Scientific Evidence for 100 Commercially Available Artificial Intelligence Tools for Radiology: A Systematic Review

K. van Leeuwen, S. Schalekamp, M. Rutten, B. van Ginneken and M. de Rooij

Annual Meeting of the Radiological Society of North America 2020.

Purpose: To survey scientific evidence for all CE marked artificial intelligence (AI) based software products for radiology available as of April, 2020.

Materials and Methods: We created an online overview of CE-certified AI software products for clinical radiology based on vendor-supplied product specifications (www.aiforradiology.com). For these products, we conducted a systematic literature study on Pubmed for original, peer-reviewed, English articles published between Jan 1, 2015 and April 14, 2020 on the efficacy of the AI software. Papers were included when the product and/or company name were mentioned, when efficacy level 2 to 6 according to Fryback was reported on an independent dataset, and when the tool was applied on in vivo human data.

Results: Our product overview consisted of 100 CE-certified software products from 51 different vendors. Among the 839 papers screened, 108 met the inclusion criteria. For 70/100 products we did not find papers that met the inclusion criteria. The evidence of the other 30 products was predominantly (84%) focused on diagnostic accuracy (efficacy level 2). Half of the available evidence (49%) was independent and not (co)-funded or (co)-authored by the vendor. In more than half (55%) of the papers the version number of the product used in the study was not mentioned. From all studies, 20 (18%) used validation data from multiple countries, 42 (39%) were multicenter studies, 25 (23%) were performed with acquisition machines from multiple manufacturers.

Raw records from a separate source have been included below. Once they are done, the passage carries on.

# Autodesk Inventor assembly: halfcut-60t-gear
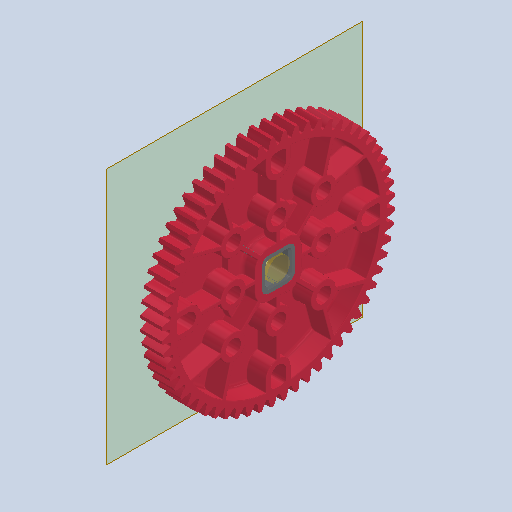
[picture p0: Inventor's stored thumbnail of the model, 512x512]
Saved by Autodesk Inventor 2025.2 (Build 292293000, 293)
## iProperties
Created: 2025-07-20
Part Number: halfcut-60t-gear
Document SubType Name: Assembly
Designer: Exortions
Author: Exortions
## Documents named in this file (3)
- C:\3284b-cad-2025\Library\Custom Parts\halfcut-60t-gear.iam
- C:\3284b-cad-2025\Library\VEX-CAD-Inventor-1.4.2\Motion\Gears\HS Gear\HS 60T Gear, No Insert.iam
- C:\3284b-cad-2025\Library\VEX-CAD-Inventor-1.4.2\Motion\Gears\HS Gear.iam
## Components (1 placed, 1 different names)
1. HS 60T Gear, No Insert:1 [sub-assembly] — Mate:1, Angle:1
## Relationships (2: Mate 1, Angle 1)
- Mate:1: HS 60T Gear, No Insert:1
- Angle:1 (0 deg): HS 60T Gear, No Insert:1
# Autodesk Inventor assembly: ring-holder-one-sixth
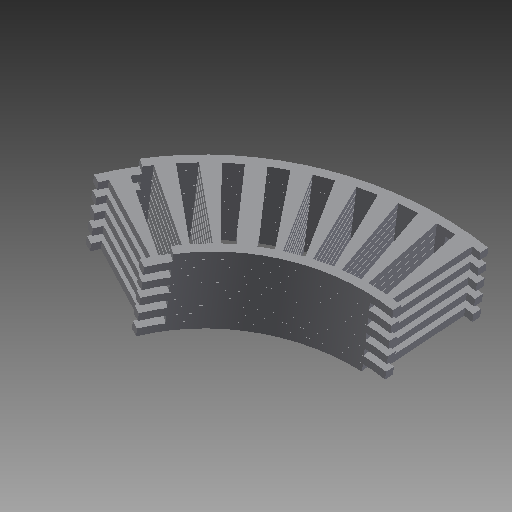
[picture p0: Inventor's stored thumbnail of the model, 512x512]
Saved by Autodesk Inventor 2018 (Build 220112000, 112)
## iProperties
Created: 2024-05-02
Part Number: ring-holder-one-sixth
Document SubType Name: Assembly
Designer: neo
Mass: 208.261 g
Surface Area: 1465 cm^2
Volume: 208.261 cm^3
Density: 1 g/cm^3
Author: neo
## Documents named in this file (2)
- D:\projects\kreion\design1\3d\ring-holder-one-sixth.iam
- D:\projects\kreion\design1\3d\ring-holder-one-sixth-2.iam
## Components (5 placed, 1 different names)
1. ring-holder-one-sixth-2:1 [sub-assembly] — Tangent:1, Tangent:2, Mate:1, Flush:1, Flush:2, Mate:2
2. ring-holder-one-sixth-2:2 [sub-assembly] — Tangent:1, Mate:1, Flush:1
3. ring-holder-one-sixth-2:3 [sub-assembly] — Tangent:2, Flush:2, Mate:2, Tangent:3, Flush:3, Mate:3, Tangent:4
4. ring-holder-one-sixth-2:4 [sub-assembly] — Tangent:3, Flush:3, Mate:3, Flush:4, Mate:4
5. ring-holder-one-sixth-2:5 [sub-assembly] — Tangent:4, Flush:4, Mate:4
## Relationships (12: Tangent 4, Mate 4, Flush 4)
- Tangent:1: ring-holder-one-sixth-2:1 ↔ ring-holder-one-sixth-2:2
- Tangent:2: ring-holder-one-sixth-2:1 ↔ ring-holder-one-sixth-2:3
- Mate:1: ring-holder-one-sixth-2:1 ↔ ring-holder-one-sixth-2:2
- Flush:1: ring-holder-one-sixth-2:1 ↔ ring-holder-one-sixth-2:2
- Flush:2: ring-holder-one-sixth-2:1 ↔ ring-holder-one-sixth-2:3
- Mate:2: ring-holder-one-sixth-2:1 ↔ ring-holder-one-sixth-2:3
- Tangent:3: ring-holder-one-sixth-2:3 ↔ ring-holder-one-sixth-2:4
- Flush:3: ring-holder-one-sixth-2:3 ↔ ring-holder-one-sixth-2:4
- Mate:3: ring-holder-one-sixth-2:3 ↔ ring-holder-one-sixth-2:4
- Tangent:4: ring-holder-one-sixth-2:3 ↔ ring-holder-one-sixth-2:5
- Flush:4: ring-holder-one-sixth-2:4 ↔ ring-holder-one-sixth-2:5
- Mate:4: ring-holder-one-sixth-2:4 ↔ ring-holder-one-sixth-2:5
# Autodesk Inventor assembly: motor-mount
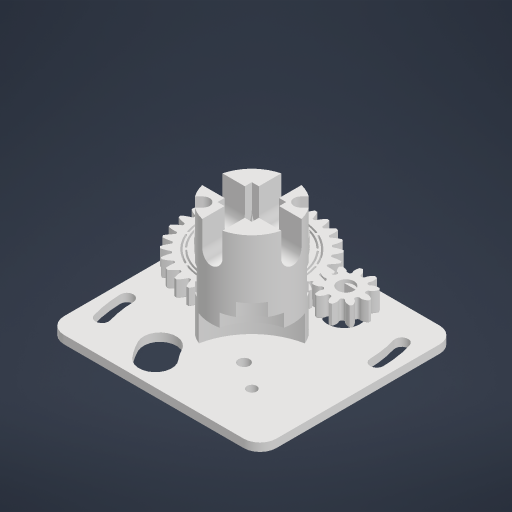
[picture p0: Inventor's stored thumbnail of the model, 512x512]
Saved by Autodesk Inventor 2024 (Build 280153000, 153)
## iProperties
Created: 2024-05-16
Part Number: motor-mount
Document SubType Name: Assembly
Designer: loren
elephant_prevention_radius: 0,300 mm
Author: loren
## Documents named in this file (8)
- C:\Users\lokies\Nextcloud\projects\motorized-mounts\mechanical\cheap-geared\cheap-geared.iam
- C:\Users\lokies\Nextcloud\projects\motorized-mounts\mechanical\cheap-geared\mount-plate.ipt
- C:\Users\lokies\Nextcloud\projects\motorized-mounts\mechanical\cheap-geared\gear.ipt
- C:\Users\lokies\Nextcloud\projects\motorized-mounts\mechanical\cheap-geared\screw-grip.ipt
- C:\Users\lokies\Nextcloud\projects\motorized-mounts\mechanical\cheap-geared\mount-stem.ipt
- C:\Users\lokies\Nextcloud\projects\motorized-mounts\mechanical\cheap-geared\pinion.ipt
- C:\Users\lokies\Nextcloud\projects\motorized-mounts\mechanical\cheap-geared\washer.ipt
- C:\Users\lokies\Nextcloud\projects\motorized-mounts\mechanical\cheap-geared\params.xlsx
## Components (6 placed, 6 different names)
1. mount-plate:1 — Mate:1, Mate:2, Mate:4, Mate:5, Flush:3, Mate:6, Mate:8
2. gear:1 — Mate:1, Mate:2, Mate:3, Flush:1, Flush:2, Mate:7, Flush:4, Flush:5, Mate:9
3. screw-grip:1 — Mate:3, Flush:1, Flush:2
4. mount-stem:1 — Mate:4, Mate:5, Flush:3
5. pinion:1 — Mate:6, Mate:7, Mate:8
6. washer:1 — Flush:4, Flush:5, Mate:9
## Relationships (14: Mate 9, Flush 5)
- Mate:1: mount-plate:1 ↔ gear:1
- Mate:2 (1 mm): mount-plate:1 ↔ gear:1
- Mate:3: gear:1 ↔ screw-grip:1
- Flush:1: gear:1 ↔ screw-grip:1
- Flush:2: gear:1 ↔ screw-grip:1
- Mate:4: mount-plate:1 ↔ mount-stem:1
- Mate:5: mount-plate:1 ↔ mount-stem:1
- Flush:3: mount-plate:1 ↔ mount-stem:1
- Mate:6 (0.5 mm): mount-plate:1 ↔ pinion:1
- Mate:7 (25 mm): gear:1 ↔ pinion:1
- Mate:8 (19.2419 mm): mount-plate:1 ↔ pinion:1
- Flush:4: gear:1 ↔ washer:1
- Flush:5: gear:1 ↔ washer:1
- Mate:9: gear:1 ↔ washer:1
## Named parameters: thumbscrew_dia = 15.8 mm, helix_length = 3.5 mm, helix_width = 2 mm, helix_fillet = 0.3 mm, helix_teeth = 8, helix_inner_dia = 19 mm, helix_outer_dia = 23 mm, elephant_prevention_radius = 0.3 mm, gear_center_distance = 25 mm, stepper_screw_dist = 35 mm, stepper_axis_offset = 8 mm, stepper_axis_clearance = 10 mm, mount_screw_ortho_dist = 31 mm, stepper_dia = 28 mm, sheet_thick = 2.5 mm, helix_winding_factor = 1.2
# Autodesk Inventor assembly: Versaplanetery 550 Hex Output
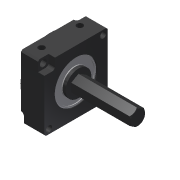
[picture p0: Inventor's stored thumbnail of the model, 180x180]
Saved by Autodesk Inventor 2013 (Build 170138000, 138)
## iProperties
Created: 2013-12-15
Part Number: Versaplanetery 550 Hex Output
Document SubType Name: Assembly
Designer: Nemo
Author: Nemo
## Documents named in this file (5)
- \\lmss\students\Robotics\CAD Files\COTS Parts\VersaPlanetary\Versaplanetery 375 Hex Output.iam
- \\lmss\students\Robotics\CAD Files\COTS Parts\VersaPlanetary\Components\VersaPlanetary Case Shaft Side.ipt
- \\lmss\students\Robotics\CAD Files\COTS Parts\Bearings - VexPro\Radial Bearing - 15mm x 28mm x 7mm.ipt
- \\lmss\students\Robotics\CAD Files\COTS Parts\VersaPlanetary\Components\VersaPlanetary clip ring for shaft.ipt
- \\lmss\students\Robotics\CAD Files\COTS Parts\VersaPlanetary\Components\VersaPlanetary Shaft - 375 Hex.ipt
## Components (5 placed, 4 different names)
1. VersaPlanetary Case Shaft Side:1 — Insert:1, Insert:2, Mate:1, Mate:2, Flush:1
2. Radial Bearing - 15mm x 28mm x 7mm:1 — Insert:2, Insert:3
3. Radial Bearing - 15mm x 28mm x 7mm:2 — Insert:1
4. VersaPlanetary clip ring for shaft:1 — Insert:4
5. VersaPlanetary Shaft - 375 Hex:1 — Insert:3, Insert:4
## Relationships (7: Insert 4, Mate 2, Flush 1)
- Insert:1: VersaPlanetary Case Shaft Side:1 ↔ Radial Bearing - 15mm x 28mm x 7mm:2
- Insert:2: VersaPlanetary Case Shaft Side:1 ↔ Radial Bearing - 15mm x 28mm x 7mm:1
- Insert:3: Radial Bearing - 15mm x 28mm x 7mm:1 ↔ VersaPlanetary Shaft - 375 Hex:1
- Insert:4: VersaPlanetary clip ring for shaft:1 ↔ VersaPlanetary Shaft - 375 Hex:1
- Mate:1: VersaPlanetary Case Shaft Side:1
- Mate:2: VersaPlanetary Case Shaft Side:1
- Flush:1: VersaPlanetary Case Shaft Side:1

Conclusion: One hundred CE-certified AI software products for radiology exist today. Yet, for the majority, scientific evidence on the clinical performance and clinical impact is lacking. These insights should raise awareness that certification may not guarantee technical and clinical efficacy of an AI product.

Clinical relevance: Our findings identify the available evidence for commercially available AI software, aiming to contribute to a safe and effective implementation of AI software in radiology departments.